There are moments in life that are remembered as remarkable and awe-inspiring. I had one such moment in the fall of 2004 that indelibly has left its’ mark on my way of thinking and manner of living …
Burial site of St. Francis; Assissi, Italy
The highlight of my trip to northern Italy in early October of 2004 was visiting Assisi to stand in front of St. Francis’ tomb and ask for something … anything, that I could do to make a difference in helping the stray and unwanted animals of my local shelter in Nashville, Indiana find homes. Having volunteered for over 20 years in animal rescue, I had become increasingly frustrated by the senseless killing that happens each year at shelters. It had become emotionally draining for me to go to the shelter and walk dogs who I knew would be euthanized within the next few days because the kennels were overcrowded. All those who work in animal welfare and rescue very well know of this frustration …. wanting so desperately to do something to help. This is why I asked St. Francis for help! Leaving the Assisi cathedral, I felt no different than when I had entered .. but I hoped for inspiration.

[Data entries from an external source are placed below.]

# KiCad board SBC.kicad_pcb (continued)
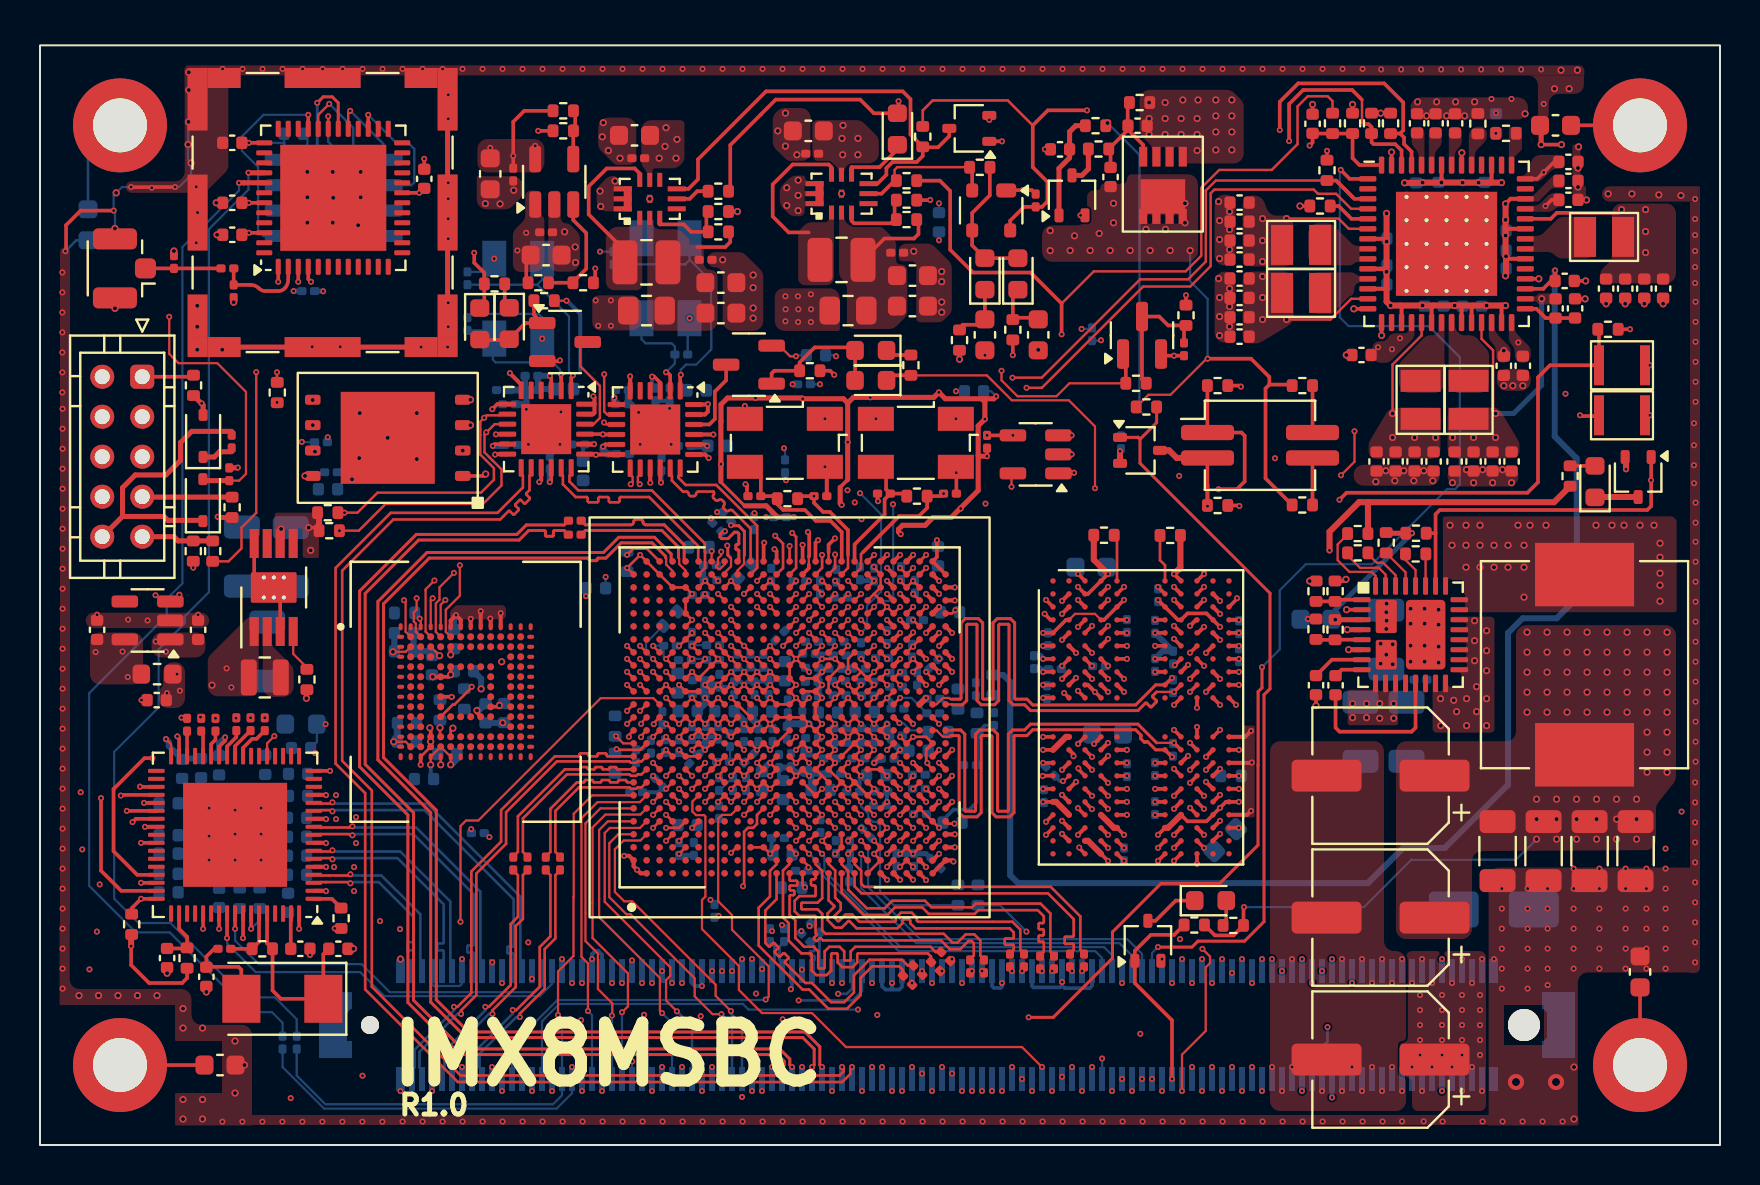
[diagram p0: board, top side]
## Routing (per net, layer and track width the routed paths; a pad name or vN(x,y) marks a point on that pad's centre or on a via; arc(x,y) is an arc through that point) (continued)
DSI_D2_N: length 32.2
  T w0.13: U9.A18 v1(29.35,24.96)
  IN2 w0.11: v1(26.6,8.1) 26.69,8.19 26.69,8.47 26.55,8.61 24.73,8.61 23.18,10.17 23.13,10.17 23.01,10.04 22.7,10.04 22.21,10.53 22.21,10.84 22.64,11.27 22.64,11.31 22.34,11.62 22.29,11.62 21.86,11.19 21.55,11.19 21.06,11.67 21.06,11.99 21.49,12.41 21.49,12.46 21.19,12.76 21.14,12.76 21.02,12.64 20.71,12.64 19.89,13.45 19.89,17.65 20.97,18.73 20.97,23.64 21.63,24.29 arc(21.66,24.37) 21.63,24.45 arc(21.6,24.53) 21.63,24.61 21.71,24.69 arc(21.79,24.72) 21.87,24.69 arc(21.95,24.66) 22.03,24.69 22.3,24.96 v1(29.35,24.96)
DSI_D2_P: length 32.3
  T w0.13: U9.B18 v1(30,24.96)
  IN2 w0.11: v1(27.1,8.1) 27.01,8.19 27.01,8.61 26.69,8.93 24.87,8.93 23.31,10.49 23,10.49 22.87,10.36 22.83,10.36 22.53,10.66 22.53,10.71 22.96,11.14 22.96,11.45 22.47,11.94 22.16,11.94 21.73,11.51 21.68,11.51 21.38,11.81 21.38,11.85 21.81,12.28 21.81,12.59 21.32,13.08 21.01,13.08 20.89,12.96 20.84,12.96 20.21,13.59 20.21,17.51 21.29,18.59 21.29,23.5 22.43,24.64 29.68,24.64 v1(30,24.96)
DSI_D3_N: length 32.3
  T w0.13: U9.A15 v1(29.35,23.01)
  IN2 w0.11: v1(31.6,8.1) 31.69,8.19 31.69,8.79 29.38,11.1 28.4,11.1 24.79,14.71 24.79,15.61 24.76,15.64 24.06,15.64 23.84,15.86 23.84,16.4 24.06,16.62 25.31,16.62 25.34,16.65 25.34,16.93 25.31,16.96 24.06,16.96 23.84,17.18 23.84,17.72 24.06,17.94 25.26,17.94 25.29,17.97 25.29,18.25 25.26,18.28 24.06,18.28 23.84,18.5 23.84,19.04 24.06,19.26 25.26,19.26 25.29,19.29 25.29,19.57 25.26,19.6 24.06,19.6 23.84,19.82 23.84,20.36 24.06,20.58 24.76,20.58 24.79,20.61 24.79,21.42 25.53,22.16 arc(25.56,22.24) 25.53,22.31 arc(25.5,22.39) 25.53,22.47 25.64,22.58 arc(25.71,22.61) 25.79,22.58 arc(25.87,22.54) 25.95,22.58 26.39,23.01 v1(29.35,23.01)
DSI_D3_P: length 32.2
  T w0.13: U9.B15 v1(30,23.01)
  IN2 w0.11: v1(30,23.01) 29.68,22.69 26.52,22.69 25.11,21.28 25.11,20.48 24.89,20.26 24.19,20.26 24.16,20.23 24.16,19.95 24.19,19.92 25.39,19.92 25.61,19.7 25.61,19.16 25.39,18.94 24.19,18.94 24.16,18.91 24.16,18.63 24.19,18.6 25.39,18.6 25.61,18.38 25.61,17.84 25.39,17.62 24.19,17.62 24.16,17.59 24.16,17.31 24.19,17.28 25.44,17.28 25.66,17.06 25.66,16.52 25.44,16.3 24.19,16.3 24.16,16.27 24.16,15.99 24.19,15.96 24.89,15.96 25.11,15.74 25.11,14.84 28.53,11.42 29.51,11.42 32.01,8.92 32.01,8.19 v1(32.1,8.1)
ENET_INT: length 40.3
  T w0.13: v1(35.15,12.94) 35.2,12.99 35.2,15.67 35.4,15.87 35.66,15.87 35.85,16.06 35.85,16.51 U9.L6
  T w0.18: U17.51 v1(5.05,12.31) 4.58,11.84 R108.2
  IN3 w0.11: v1(35.15,12.94) 28.75,12.94 24.51,8.71 8.79,8.71 7.9,9.6 6.4,9.6 5.05,10.95 v1(5.05,12.31)
ENET_MDC: length 48.3
  T w0.13: U9.N20 v1(37.8,26.26)
  T w0.18: v1(5.62,19.35) 5.23,19.35 3.68,17.8 3.68,14.7 4.86,13.51 U17.48
  IN4 w0.11: v1(5.62,19.35) 6.38,19.35 7.93,17.8 9.58,17.8 9.63,17.74 9.63,17.46 9.69,17.4 10.15,17.4 10.2,17.46 10.2,17.74 10.26,17.8 10.72,17.8 10.77,17.74 10.77,17.46 10.83,17.4 11.29,17.4 11.34,17.46 11.34,17.74 11.4,17.8 11.86,17.8 11.91,17.74 11.91,17.46 11.97,17.4 12.43,17.4 12.48,17.46 12.48,17.74 12.54,17.8 13,17.8 13.05,17.74 13.05,17.46 13.11,17.4 13.57,17.4 13.62,17.46 13.62,17.74 13.68,17.8 15.3,17.8 15.8,17.3 22.68,17.3 28.69,23.31 31.66,23.31 32.32,23.97 35.28,23.97 35.5,24.19 35.5,24.38 37.39,26.26 v1(37.8,26.26)
ENET_MDIO: length 48.4
  T w0.13: U9.N19 v1(37.15,24.96)
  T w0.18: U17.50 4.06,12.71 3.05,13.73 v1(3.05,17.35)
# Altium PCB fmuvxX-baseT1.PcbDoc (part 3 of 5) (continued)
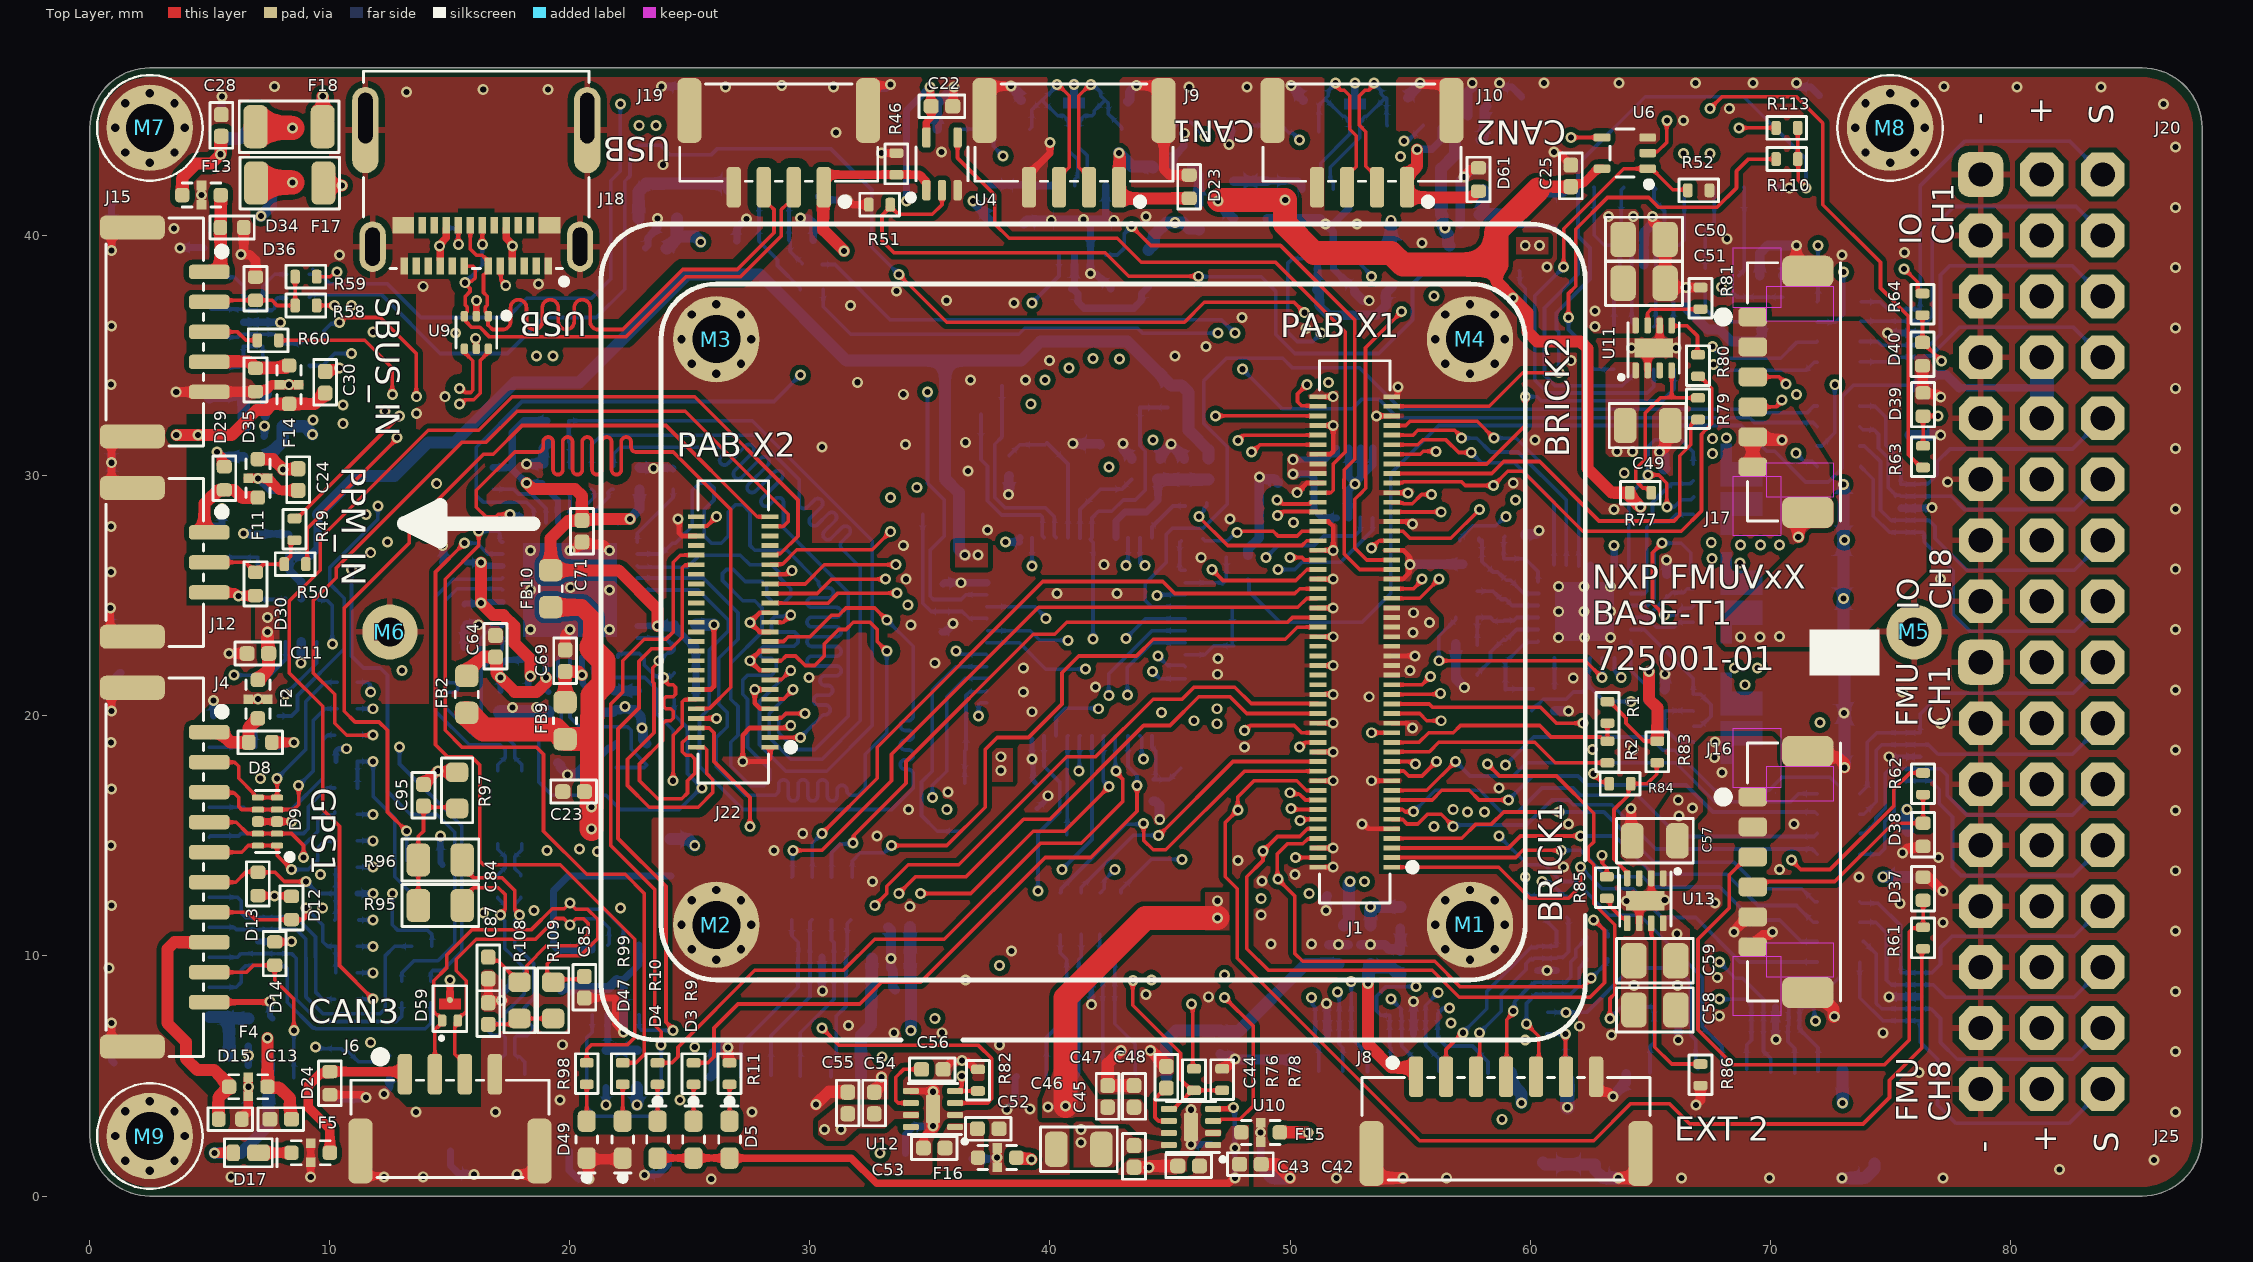
[diagram p0: Top Layer view]
## Nets (pads, with @x,y where several pads share a name; then routed paths per layer and width w, separated by ;. In a path a pad name is that pad's centre, name@x,y a point inside that pad or via, vN(x,y) a via of type N, cw(c..) or ccw(c..) an arc to the next point about the centre after c; other vN are vias at no path point) (continued)
  Bottom Layer w0.152: R21.1@11.2,11.5 v1(11.8,11.5)
FMU_SWCLK: D53.1 D53.10 J1.77 J23.5 | length 39.1
  Top Layer w0.152: J1.77@54.24,28.9 54.264,28.876 54.685,28.876 54.721,28.841 55.098,28.841 55.482,29.225 v1(55.9,29.225)
  Signal Layer 3 w0.152: v1(58.1,16) 58.1,14.3 60,12.4 61.9,12.4 63,13.5 67.3,13.5 69,11.8 69,9.3 v1(67.9,8.2)
  Signal Layer 4 w0.152: v1(55.9,29.225) 56.375,29.225 56.9,28.7 56.9,28.2 57.4,27.7 57.4,22.3 57.77,21.93 57.77,17.541 58.1,17.211 v1(58.1,16)
  Bottom Layer w0.152: v1(67.9,8.2) 69.025,8.2 69.225,8 D53.10@69.225,7.075 69.225,6.5 69.025,6.3 J23.5@69.025,5.275
FMU_SWDIO: D53.2 D53.9 J1.75 J23.4 | length 36.4
  Top Layer w0.152: J1.75@54.24,28.5 v1(56.3,28.5)
  Signal Layer 3 w0.152: v1(57.4,16) 57.4,14.4 59.899,11.901 62.201,11.901 63.2,12.9 66.2,12.9 67.9,11.2 v1(67.9,9.75)
  Signal Layer 4 w0.152: v1(56.3,28.5) 56.3,28.1 56.806,27.594 56.806,19.194 57.4,18.6 v1(57.4,16)
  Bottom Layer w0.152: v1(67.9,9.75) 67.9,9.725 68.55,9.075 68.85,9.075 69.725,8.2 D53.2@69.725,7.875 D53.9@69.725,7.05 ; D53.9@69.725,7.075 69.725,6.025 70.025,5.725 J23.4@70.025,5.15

Later that month, sitting in my office on the Indiana University campus in Bloomington, Indiana, an idea came so swift into my mind that I stopped everything I was doing and sat in amazement. The idea told me to go to my file cabinet that evening at home and find the Boston Globe newspaper article someone had sent me 2 years before describing a project that transported satos … homeless dogs of Puerto Rico flown by commercial airlines to Boston. (NOTE: I had found a sato on a business trip to Puerto Rico that same year and he came home to live with me; the newspaper article had been sent to me by a friend and I had filed it as a matter of interest.) I couldn’t wait to reach my home that evening to re-read the article. If dogs could be transported from Puerto Rico to Boston, it had to be possible for us to transport dogs from Indiana to New England. This had been the inspiration I had been waiting for – St. Francis had sent his message!
The next day, I called the Northeast Animal Shelter in Salem, Massachusetts and talked with Betty Bilton who organized the Save-A-Sato transport program. When I talked with Betty about the possibility of transporting dogs by cargo vans from Indiana to New England, she said that this was a very long way to transport dogs and didn’t know if it would be possible. I told Betty I would pay for the first transport and if the dogs arrived safely and met her expectations, would she be willing to accept dogs on a monthly basis. The answer was “yes”!
Throughout November 2004, I called several other New England shelters and posed the same proposition – all accepting the offer. Full of excitement, I talked with several Indiana shelters and rescue groups throughout November 2004 to ask if they would be willing to become part of this collaborative project. Of course, I had my share of comments, such as, “what you are proposing, can’t be done.” However, I was confident that the transport was feasible and certainly worth trying. The first transport to New England was driven in December of 2004. taking a total of 32 Indiana shelter dogs to Boston area shelters.
Now, in our 13th year, 10,908 dogs and 216 cats transported, and over 100 shelter staff and volunteers involved, the CanINE Express Transport Project continues to bring Indiana shelter dogs to New England each month. When people ask about the CanINE Express Transport Project, I say that the project is a true collaboration in every sense of the word. Participating shelters and rescue groups on both the Indiana and New England sides work extremely hard each month to prepare dogs for transport and adoption. We have all learned much from each other and have become colleagues and comrades joined in spirit to help the dogs. I continue to organize and drive the transport each month knowing that St. Francis is surely watching over all of us!
Cathi L. Eagan, CanINE Express Transport Project
Not to hurt our humble brethren is our first duty to them, but to stop there is not enough. We have a higher mission - to be of service to them whenever they require it.